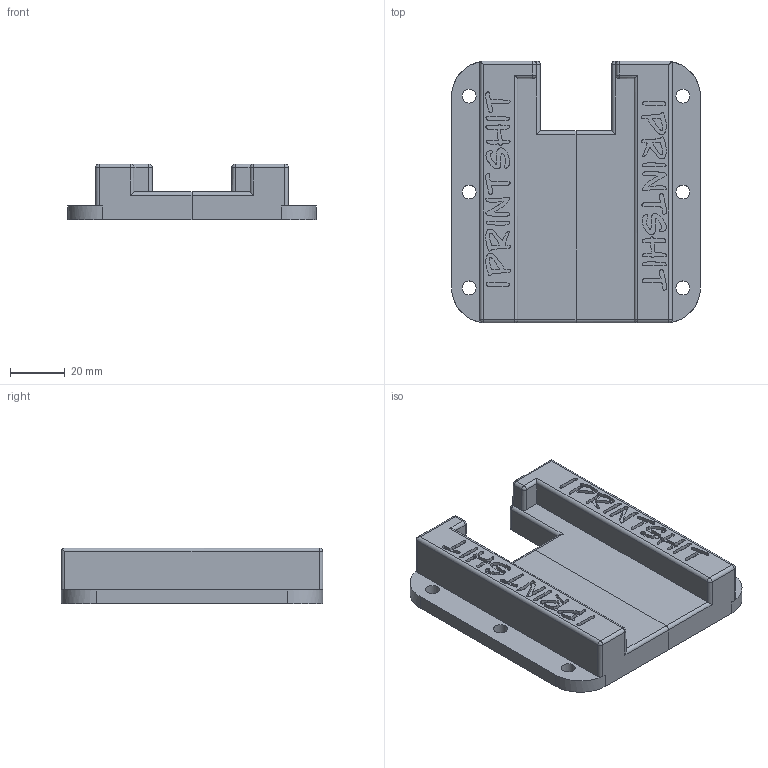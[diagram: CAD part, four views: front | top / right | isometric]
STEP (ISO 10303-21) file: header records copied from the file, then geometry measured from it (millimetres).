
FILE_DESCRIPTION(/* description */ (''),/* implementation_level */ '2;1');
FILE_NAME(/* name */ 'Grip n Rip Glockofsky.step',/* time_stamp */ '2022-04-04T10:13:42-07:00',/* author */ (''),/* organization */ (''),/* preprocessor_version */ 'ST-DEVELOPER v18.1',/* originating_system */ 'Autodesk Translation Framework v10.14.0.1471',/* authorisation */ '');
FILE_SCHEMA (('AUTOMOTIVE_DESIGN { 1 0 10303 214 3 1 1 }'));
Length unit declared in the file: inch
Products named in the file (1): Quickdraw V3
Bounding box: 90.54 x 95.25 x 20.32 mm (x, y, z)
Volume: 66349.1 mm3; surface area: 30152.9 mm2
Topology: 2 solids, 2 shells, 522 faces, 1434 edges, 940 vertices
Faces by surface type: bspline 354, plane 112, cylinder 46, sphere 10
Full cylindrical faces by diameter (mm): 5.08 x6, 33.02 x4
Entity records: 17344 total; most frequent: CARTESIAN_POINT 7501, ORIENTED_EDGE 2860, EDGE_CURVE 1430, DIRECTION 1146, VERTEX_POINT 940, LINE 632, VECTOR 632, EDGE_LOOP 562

....

* [YOUR OBJECTIVE]: If pictures appear in the data, do not print them; repeat the rest exactly.

* [ANSWER SECTION]:
[diagram: CAD part, four views: front | top / right | isometric]
STEP (ISO 10303-21) file: header records copied from the file, then geometry measured from it (millimetres).
FILE_DESCRIPTION(/* description */ (''),/* implementation_level */ '2;1');
FILE_NAME(/* name */ 'Grip n Rip Glockofsky.step',/* time_stamp */ '2022-04-04T10:13:42-07:00',/* author */ (''),/* organization */ (''),/* preprocessor_version */ 'ST-DEVELOPER v18.1',/* originating_system */ 'Autodesk Translation Framework v10.14.0.1471',/* authorisation */ '');
FILE_SCHEMA (('AUTOMOTIVE_DESIGN { 1 0 10303 214 3 1 1 }'));
Length unit declared in the file: inch
Products named in the file (1): Quickdraw V3
Bounding box: 90.54 x 95.25 x 20.32 mm (x, y, z)
Volume: 66349.1 mm3; surface area: 30152.9 mm2
Topology: 2 solids, 2 shells, 522 faces, 1434 edges, 940 vertices
Faces by surface type: bspline 354, plane 112, cylinder 46, sphere 10
Full cylindrical faces by diameter (mm): 5.08 x6, 33.02 x4
Entity records: 17344 total; most frequent: CARTESIAN_POINT 7501, ORIENTED_EDGE 2860, EDGE_CURVE 1430, DIRECTION 1146, VERTEX_POINT 940, LINE 632, VECTOR 632, EDGE_LOOP 562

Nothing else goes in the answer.